Merlin's Mommy, I sent you a PM with her contact information. Please email her right away. I can tell you that this person is an excellent trainer, and a wonderful person in general. If Merlin goes to a home she approves of you can be totally confident it will be one of the very best.


----------



## Karen519 (Aug 21, 2006)

*Mylissk*

Mylissk and Kim Thank You!

Mylissk: try emlg. Merlin's Mommy too, from this forum, since she might not get the alert that she has a private msg.!!!!


----------



## GoldenJoyx'stwo (Feb 25, 2007)

I sent the address via email Karen...

Melissa...:wavey:we think alike. Kathie is also awesome and I'm sure the other family interested in helping out is, too. I'm just glad Merlin has options other than a Shelter. If I can help to keep a dog out of a shelter for even a split second, I will do what I can.


----------



## Karen519 (Aug 21, 2006)

*Kimm*

Kimm

I know you emld. Merllin's Mommy, I was just suggesting that Mylissk email her, too!


----------



## mylissyk (Feb 25, 2007)

Kimm said:


> I sent the address via email Karen...
> 
> Melissa...:wavey:we think alike. Kathie is also awesome and I'm sure the other family interested in helping out is, too. I'm just glad Merlin has options other than a Shelter. If I can help to keep a dog out of a shelter for even a split second, I will do what I can.


I don't know if I ever thanked you Kimm, for introducing me to Robin. She is has been a great help several times via email for no compensation other than my sincere thanks. You were the one who pointed me to her when I needed some advice with Robbie back in 2005, and I've been corresponding with her ever since. So if I haven't said it before, thank you for introducing me to Robin!


----------



## hotel4dogs (Sep 29, 2008)

this thread brings happy tears to my eyes, what a great group you guys are.


----------



## GoldenJoyx'stwo (Feb 25, 2007)

mylissyk said:


> I don't know if I ever thanked you Kimm, for introducing me to Robin. She is has been a great help several times via email for no compensation other than my sincere thanks. You were the one who pointed me to her when I needed some advice with Robbie back in 2005, and I've been corresponding with her ever since. So if I haven't said it before, thank you for introducing me to Robin!

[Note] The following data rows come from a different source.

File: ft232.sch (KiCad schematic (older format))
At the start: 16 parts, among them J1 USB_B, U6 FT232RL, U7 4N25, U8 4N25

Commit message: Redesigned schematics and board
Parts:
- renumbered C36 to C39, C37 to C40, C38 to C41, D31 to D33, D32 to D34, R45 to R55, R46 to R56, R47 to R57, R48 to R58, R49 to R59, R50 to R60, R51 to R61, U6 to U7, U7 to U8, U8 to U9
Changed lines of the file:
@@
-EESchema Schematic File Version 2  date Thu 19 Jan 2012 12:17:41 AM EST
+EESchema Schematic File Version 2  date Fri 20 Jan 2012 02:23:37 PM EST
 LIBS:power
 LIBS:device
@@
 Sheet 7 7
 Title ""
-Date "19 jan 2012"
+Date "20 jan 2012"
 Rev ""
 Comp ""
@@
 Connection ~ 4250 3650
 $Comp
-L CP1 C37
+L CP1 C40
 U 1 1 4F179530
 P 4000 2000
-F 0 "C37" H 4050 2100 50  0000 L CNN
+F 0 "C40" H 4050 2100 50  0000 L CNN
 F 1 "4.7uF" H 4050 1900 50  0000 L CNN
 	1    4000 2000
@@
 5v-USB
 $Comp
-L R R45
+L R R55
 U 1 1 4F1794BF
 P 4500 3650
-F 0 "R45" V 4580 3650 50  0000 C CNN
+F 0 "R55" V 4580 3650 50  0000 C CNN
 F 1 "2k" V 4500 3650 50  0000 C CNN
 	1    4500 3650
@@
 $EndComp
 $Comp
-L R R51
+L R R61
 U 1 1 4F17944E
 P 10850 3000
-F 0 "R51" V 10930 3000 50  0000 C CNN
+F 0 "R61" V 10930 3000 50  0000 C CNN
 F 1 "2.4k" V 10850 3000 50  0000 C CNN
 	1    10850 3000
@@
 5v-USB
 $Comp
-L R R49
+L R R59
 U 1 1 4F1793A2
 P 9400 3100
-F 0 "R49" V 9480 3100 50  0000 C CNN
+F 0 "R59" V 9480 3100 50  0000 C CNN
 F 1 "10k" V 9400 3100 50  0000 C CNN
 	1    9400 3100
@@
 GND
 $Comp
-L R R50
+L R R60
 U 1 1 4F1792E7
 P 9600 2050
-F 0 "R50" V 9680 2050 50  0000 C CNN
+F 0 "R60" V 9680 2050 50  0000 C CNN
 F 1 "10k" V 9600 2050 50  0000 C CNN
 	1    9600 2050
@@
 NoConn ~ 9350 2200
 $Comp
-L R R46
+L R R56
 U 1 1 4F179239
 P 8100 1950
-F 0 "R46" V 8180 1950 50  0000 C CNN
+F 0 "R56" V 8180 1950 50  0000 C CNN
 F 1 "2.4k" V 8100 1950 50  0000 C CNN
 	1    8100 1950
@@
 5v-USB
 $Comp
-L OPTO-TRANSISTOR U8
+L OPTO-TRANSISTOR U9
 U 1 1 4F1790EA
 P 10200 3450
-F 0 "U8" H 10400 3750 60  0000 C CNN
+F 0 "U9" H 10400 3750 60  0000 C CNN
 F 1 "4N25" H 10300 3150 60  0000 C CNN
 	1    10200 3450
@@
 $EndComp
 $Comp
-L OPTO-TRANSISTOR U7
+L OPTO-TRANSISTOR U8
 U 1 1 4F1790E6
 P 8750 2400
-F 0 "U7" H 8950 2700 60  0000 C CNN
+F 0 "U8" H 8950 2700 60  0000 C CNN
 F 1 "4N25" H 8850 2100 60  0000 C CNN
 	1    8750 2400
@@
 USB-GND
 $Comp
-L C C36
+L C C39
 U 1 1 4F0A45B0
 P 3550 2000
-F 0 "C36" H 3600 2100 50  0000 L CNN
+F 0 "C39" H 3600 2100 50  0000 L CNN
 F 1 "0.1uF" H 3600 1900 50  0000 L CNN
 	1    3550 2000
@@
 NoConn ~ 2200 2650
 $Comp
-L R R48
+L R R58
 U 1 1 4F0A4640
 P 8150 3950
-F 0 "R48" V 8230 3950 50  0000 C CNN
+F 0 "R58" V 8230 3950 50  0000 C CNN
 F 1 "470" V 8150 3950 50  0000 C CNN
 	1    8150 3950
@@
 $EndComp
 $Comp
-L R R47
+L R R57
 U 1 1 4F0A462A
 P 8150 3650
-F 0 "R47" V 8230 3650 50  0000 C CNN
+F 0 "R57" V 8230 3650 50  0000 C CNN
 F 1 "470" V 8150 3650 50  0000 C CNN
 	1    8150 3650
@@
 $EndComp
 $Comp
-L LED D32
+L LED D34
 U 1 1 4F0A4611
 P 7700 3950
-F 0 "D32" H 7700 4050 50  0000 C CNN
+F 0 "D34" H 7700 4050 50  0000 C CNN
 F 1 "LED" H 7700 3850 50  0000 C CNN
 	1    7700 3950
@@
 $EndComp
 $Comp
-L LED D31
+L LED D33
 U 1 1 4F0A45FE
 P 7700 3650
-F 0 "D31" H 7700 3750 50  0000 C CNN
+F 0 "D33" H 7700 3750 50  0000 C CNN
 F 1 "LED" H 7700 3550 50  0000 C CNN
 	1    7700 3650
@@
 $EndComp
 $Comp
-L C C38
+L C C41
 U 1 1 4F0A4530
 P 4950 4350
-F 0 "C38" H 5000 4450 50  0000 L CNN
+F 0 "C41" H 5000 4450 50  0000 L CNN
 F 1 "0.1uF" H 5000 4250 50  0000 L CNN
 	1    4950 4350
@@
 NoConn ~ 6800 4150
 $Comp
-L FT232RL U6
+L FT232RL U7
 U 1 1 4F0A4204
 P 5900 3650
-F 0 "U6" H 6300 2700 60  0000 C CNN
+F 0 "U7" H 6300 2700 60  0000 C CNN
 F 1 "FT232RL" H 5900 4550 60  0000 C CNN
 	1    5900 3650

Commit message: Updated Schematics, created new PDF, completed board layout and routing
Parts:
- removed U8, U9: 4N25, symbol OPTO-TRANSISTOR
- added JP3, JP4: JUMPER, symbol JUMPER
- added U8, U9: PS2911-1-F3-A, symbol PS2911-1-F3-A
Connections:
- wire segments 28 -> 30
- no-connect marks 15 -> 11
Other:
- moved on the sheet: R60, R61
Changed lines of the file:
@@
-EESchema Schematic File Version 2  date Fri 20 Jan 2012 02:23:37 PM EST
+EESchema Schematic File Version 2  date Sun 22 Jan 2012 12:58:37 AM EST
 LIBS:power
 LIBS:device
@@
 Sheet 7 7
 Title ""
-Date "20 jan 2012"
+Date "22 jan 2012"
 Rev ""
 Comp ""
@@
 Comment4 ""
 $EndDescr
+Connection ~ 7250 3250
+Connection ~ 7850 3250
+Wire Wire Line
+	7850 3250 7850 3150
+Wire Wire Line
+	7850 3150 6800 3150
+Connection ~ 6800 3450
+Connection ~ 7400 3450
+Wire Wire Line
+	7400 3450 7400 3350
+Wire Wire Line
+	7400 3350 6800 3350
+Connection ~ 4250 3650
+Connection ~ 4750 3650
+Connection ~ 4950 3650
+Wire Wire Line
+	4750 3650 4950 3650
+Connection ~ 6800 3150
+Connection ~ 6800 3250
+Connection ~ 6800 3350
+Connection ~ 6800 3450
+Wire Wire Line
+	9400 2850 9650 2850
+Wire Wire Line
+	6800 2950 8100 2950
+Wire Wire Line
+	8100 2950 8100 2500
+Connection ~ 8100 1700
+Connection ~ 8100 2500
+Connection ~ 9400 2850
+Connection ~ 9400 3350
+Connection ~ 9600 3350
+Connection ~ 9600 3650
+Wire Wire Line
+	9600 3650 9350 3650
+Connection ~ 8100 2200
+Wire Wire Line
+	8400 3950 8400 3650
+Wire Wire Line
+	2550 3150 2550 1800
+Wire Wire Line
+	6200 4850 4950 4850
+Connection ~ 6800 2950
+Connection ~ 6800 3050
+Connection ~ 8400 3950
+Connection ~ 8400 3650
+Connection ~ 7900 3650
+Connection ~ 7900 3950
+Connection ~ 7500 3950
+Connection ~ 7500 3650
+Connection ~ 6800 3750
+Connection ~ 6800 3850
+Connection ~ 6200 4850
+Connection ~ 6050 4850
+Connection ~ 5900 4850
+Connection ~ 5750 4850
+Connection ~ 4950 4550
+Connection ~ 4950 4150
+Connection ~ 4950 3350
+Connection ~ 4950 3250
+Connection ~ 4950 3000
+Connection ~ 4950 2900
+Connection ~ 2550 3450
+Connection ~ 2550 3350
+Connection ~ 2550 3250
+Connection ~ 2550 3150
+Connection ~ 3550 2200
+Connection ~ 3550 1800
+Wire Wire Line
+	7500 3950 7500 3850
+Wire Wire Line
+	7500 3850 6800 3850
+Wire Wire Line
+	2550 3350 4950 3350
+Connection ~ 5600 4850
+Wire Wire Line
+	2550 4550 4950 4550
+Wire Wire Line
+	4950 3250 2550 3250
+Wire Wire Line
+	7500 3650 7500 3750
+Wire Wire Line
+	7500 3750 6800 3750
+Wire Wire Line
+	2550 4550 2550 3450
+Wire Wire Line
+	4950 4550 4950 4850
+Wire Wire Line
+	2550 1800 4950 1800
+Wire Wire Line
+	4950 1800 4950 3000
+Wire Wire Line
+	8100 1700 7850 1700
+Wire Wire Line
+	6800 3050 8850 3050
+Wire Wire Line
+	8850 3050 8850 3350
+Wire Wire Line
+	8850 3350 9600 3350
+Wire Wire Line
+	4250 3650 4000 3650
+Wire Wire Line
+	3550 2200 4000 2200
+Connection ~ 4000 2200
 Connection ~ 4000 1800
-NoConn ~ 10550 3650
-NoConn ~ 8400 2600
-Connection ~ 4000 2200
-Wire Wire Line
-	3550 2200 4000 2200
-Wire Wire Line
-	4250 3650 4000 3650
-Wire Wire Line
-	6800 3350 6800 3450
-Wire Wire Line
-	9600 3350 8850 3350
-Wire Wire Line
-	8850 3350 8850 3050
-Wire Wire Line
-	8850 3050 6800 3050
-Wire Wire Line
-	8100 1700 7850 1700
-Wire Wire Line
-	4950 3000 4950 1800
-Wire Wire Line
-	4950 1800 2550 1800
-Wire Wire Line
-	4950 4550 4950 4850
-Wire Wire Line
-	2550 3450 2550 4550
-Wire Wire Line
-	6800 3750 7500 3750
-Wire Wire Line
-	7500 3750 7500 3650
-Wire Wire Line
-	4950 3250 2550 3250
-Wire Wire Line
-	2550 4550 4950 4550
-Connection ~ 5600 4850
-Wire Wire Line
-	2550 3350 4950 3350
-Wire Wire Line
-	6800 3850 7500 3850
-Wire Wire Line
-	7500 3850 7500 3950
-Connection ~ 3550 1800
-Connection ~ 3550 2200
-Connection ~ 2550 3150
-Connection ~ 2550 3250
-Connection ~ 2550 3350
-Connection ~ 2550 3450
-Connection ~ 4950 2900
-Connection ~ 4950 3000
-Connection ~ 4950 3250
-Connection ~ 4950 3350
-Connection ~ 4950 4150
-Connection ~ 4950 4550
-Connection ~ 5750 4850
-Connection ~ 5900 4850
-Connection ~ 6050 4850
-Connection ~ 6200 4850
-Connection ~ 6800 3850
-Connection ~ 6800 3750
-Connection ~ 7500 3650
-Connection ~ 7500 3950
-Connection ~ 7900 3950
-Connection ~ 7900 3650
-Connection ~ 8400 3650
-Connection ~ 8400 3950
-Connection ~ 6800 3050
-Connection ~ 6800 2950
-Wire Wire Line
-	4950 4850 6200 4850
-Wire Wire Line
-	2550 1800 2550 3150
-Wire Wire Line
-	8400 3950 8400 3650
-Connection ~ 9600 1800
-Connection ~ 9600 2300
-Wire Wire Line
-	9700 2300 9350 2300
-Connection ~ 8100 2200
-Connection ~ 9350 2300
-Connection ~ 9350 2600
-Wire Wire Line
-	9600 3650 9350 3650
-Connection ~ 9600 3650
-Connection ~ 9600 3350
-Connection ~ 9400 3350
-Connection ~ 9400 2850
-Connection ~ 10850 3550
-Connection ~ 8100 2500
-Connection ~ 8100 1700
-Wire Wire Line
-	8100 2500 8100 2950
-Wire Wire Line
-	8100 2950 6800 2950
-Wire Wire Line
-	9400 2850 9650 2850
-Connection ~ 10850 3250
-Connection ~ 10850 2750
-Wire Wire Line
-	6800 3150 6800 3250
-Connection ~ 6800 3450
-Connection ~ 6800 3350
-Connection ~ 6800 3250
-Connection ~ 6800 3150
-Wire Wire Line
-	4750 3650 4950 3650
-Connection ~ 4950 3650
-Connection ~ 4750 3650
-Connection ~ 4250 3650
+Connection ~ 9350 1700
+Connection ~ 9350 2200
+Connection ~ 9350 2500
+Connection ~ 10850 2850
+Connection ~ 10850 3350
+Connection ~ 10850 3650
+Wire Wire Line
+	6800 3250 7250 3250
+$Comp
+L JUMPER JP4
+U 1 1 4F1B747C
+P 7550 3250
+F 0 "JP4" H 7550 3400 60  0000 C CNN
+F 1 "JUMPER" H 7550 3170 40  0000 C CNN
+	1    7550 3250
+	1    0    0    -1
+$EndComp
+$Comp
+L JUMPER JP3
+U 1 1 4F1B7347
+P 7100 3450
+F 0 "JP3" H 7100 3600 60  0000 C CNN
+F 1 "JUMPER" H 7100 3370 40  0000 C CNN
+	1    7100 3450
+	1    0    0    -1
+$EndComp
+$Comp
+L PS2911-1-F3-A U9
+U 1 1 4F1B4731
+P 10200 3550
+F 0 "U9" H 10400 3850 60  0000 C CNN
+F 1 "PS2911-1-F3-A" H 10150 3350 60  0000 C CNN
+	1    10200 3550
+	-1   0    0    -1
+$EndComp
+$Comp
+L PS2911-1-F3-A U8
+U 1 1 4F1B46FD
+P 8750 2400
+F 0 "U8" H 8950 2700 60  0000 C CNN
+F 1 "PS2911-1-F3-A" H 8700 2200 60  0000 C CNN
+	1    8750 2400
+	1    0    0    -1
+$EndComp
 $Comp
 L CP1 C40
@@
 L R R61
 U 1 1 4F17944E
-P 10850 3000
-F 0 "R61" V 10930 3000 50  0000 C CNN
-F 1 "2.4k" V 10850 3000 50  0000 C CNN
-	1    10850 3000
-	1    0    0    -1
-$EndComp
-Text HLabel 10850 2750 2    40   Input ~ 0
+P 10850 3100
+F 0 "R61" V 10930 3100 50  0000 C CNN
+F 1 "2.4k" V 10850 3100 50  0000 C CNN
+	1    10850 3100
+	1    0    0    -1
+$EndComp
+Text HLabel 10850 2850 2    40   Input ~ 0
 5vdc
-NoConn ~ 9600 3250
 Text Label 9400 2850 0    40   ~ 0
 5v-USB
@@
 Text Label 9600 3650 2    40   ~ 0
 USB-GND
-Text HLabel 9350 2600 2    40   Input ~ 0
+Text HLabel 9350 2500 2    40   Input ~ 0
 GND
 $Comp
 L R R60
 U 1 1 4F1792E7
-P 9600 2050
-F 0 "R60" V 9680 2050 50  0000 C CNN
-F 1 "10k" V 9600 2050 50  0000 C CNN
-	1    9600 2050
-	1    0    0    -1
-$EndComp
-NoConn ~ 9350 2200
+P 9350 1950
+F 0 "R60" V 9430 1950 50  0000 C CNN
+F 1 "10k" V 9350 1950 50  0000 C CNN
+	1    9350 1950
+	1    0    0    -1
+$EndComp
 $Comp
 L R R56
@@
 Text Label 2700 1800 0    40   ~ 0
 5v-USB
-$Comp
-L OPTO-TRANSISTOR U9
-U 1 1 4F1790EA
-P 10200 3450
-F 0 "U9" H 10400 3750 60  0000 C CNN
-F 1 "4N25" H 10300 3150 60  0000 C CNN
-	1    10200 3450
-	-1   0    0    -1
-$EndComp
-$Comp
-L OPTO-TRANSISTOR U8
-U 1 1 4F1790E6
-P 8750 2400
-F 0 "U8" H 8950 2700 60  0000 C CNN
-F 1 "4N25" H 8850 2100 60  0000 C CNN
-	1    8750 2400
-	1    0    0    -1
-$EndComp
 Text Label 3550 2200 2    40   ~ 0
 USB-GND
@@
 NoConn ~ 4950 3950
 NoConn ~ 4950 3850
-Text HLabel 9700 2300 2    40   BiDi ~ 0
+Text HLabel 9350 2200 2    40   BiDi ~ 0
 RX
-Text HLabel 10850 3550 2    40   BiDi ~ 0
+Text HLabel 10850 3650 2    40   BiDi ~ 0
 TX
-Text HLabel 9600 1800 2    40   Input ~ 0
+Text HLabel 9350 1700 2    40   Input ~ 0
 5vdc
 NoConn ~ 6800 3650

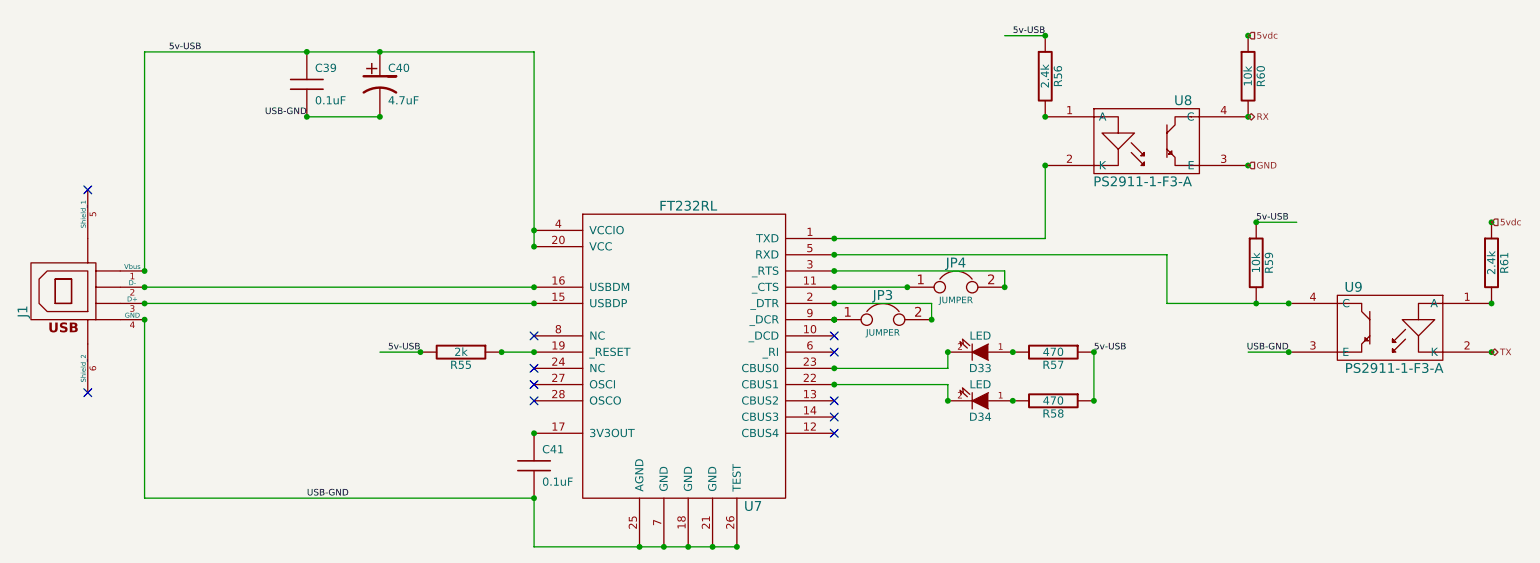
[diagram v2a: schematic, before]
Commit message: Modified: schematics to correct errors
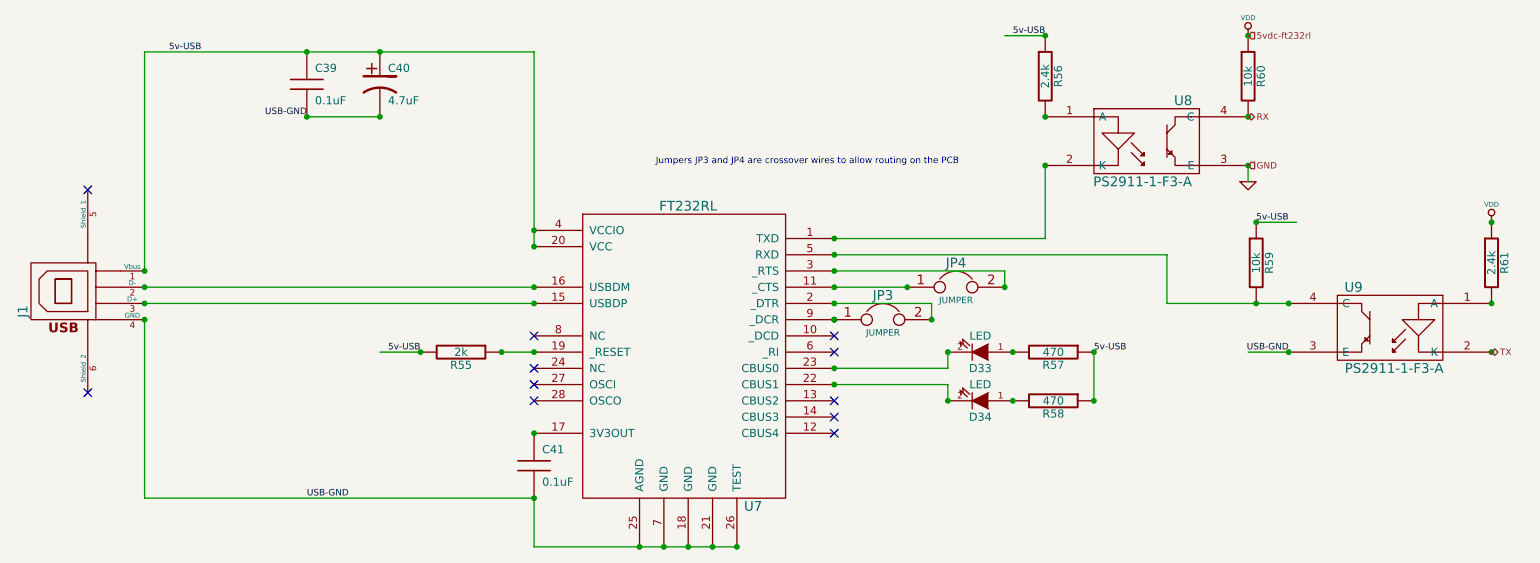
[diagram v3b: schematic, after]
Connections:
- net labels added: 5vdc-ft232rl, VDD
- net labels removed: 5vdc
- wire segments 30 -> 31
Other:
- note added: "Jumpers JP3 and JP4 are crossover wires to allow routing on the PCB"
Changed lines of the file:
@@
-EESchema Schematic File Version 2  date Sun 22 Jan 2012 12:58:37 AM EST
+EESchema Schematic File Version 2  date Sun 22 Jan 2012 05:59:51 PM EST
 LIBS:power
 LIBS:device
@@
 Comment4 ""
 $EndDescr
+$Comp
+L VDD #PWR59
+U 1 1 4F1C4720
+P 10850 2850
+F 0 "#PWR59" H 10850 2950 30  0001 C CNN
+F 1 "VDD" H 10850 2960 30  0000 C CNN
+	1    10850 2850
+	1    0    0    -1
+$EndComp
+$Comp
+L VDD #PWR57
+U 1 1 4F1C4712
+P 9350 1700
+F 0 "#PWR57" H 9350 1800 30  0001 C CNN
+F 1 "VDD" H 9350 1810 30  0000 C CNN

She's awesome and you are very welcome! She has helped me with Shadow, too. I now walk Shadow around charging dogs (from a distance) with a tennis ball in my hand because I can redirect his focus on me when they are barking their foolish heads off.


----------



## Bob Dylan (Mar 31, 2009)

Merlin and his Mom have the best people trying to get him a home.

Thanks to all, the forum is remarkable!


----------



## Merlin'sMommy (Feb 10, 2008)

I want to thank you all from the bottom of my heart for all your help and prayers. I am waiting on a call back from Robin as we speak, also waiting on a reply from enzos mom. Once again you are all amazing people and I am so glad their are wonderful people like you walking this earth! God Bless


----------



## Karen519 (Aug 21, 2006)

*Merlins Mommy*

Merlins Mommy

We all want to help Merlin and you. Feel so very sorry for what you are going through.

Please let us know what Robin and Enzo's Mom say!!

Hugs to Merlin!!!!


----------



## Enzos_Mom (Apr 8, 2010)

My fiance's dad decided that he doesn't think he's ready for another dog yet, but he said that if you don't find somebody within the next couple days before you have to move, Merlin can stay here for a week or so until we can find somebody to take him. He has a bunch of family coming in and staying at the house on the 17th, so we'd have to find him somewhere before then. I'm sorry that we aren't able to give him a forever home. =(


----------



## GoldenJoyx'stwo (Feb 25, 2007)

Be sure to contact Robin and Kathie...


----------



## Enzos_Mom (Apr 8, 2010)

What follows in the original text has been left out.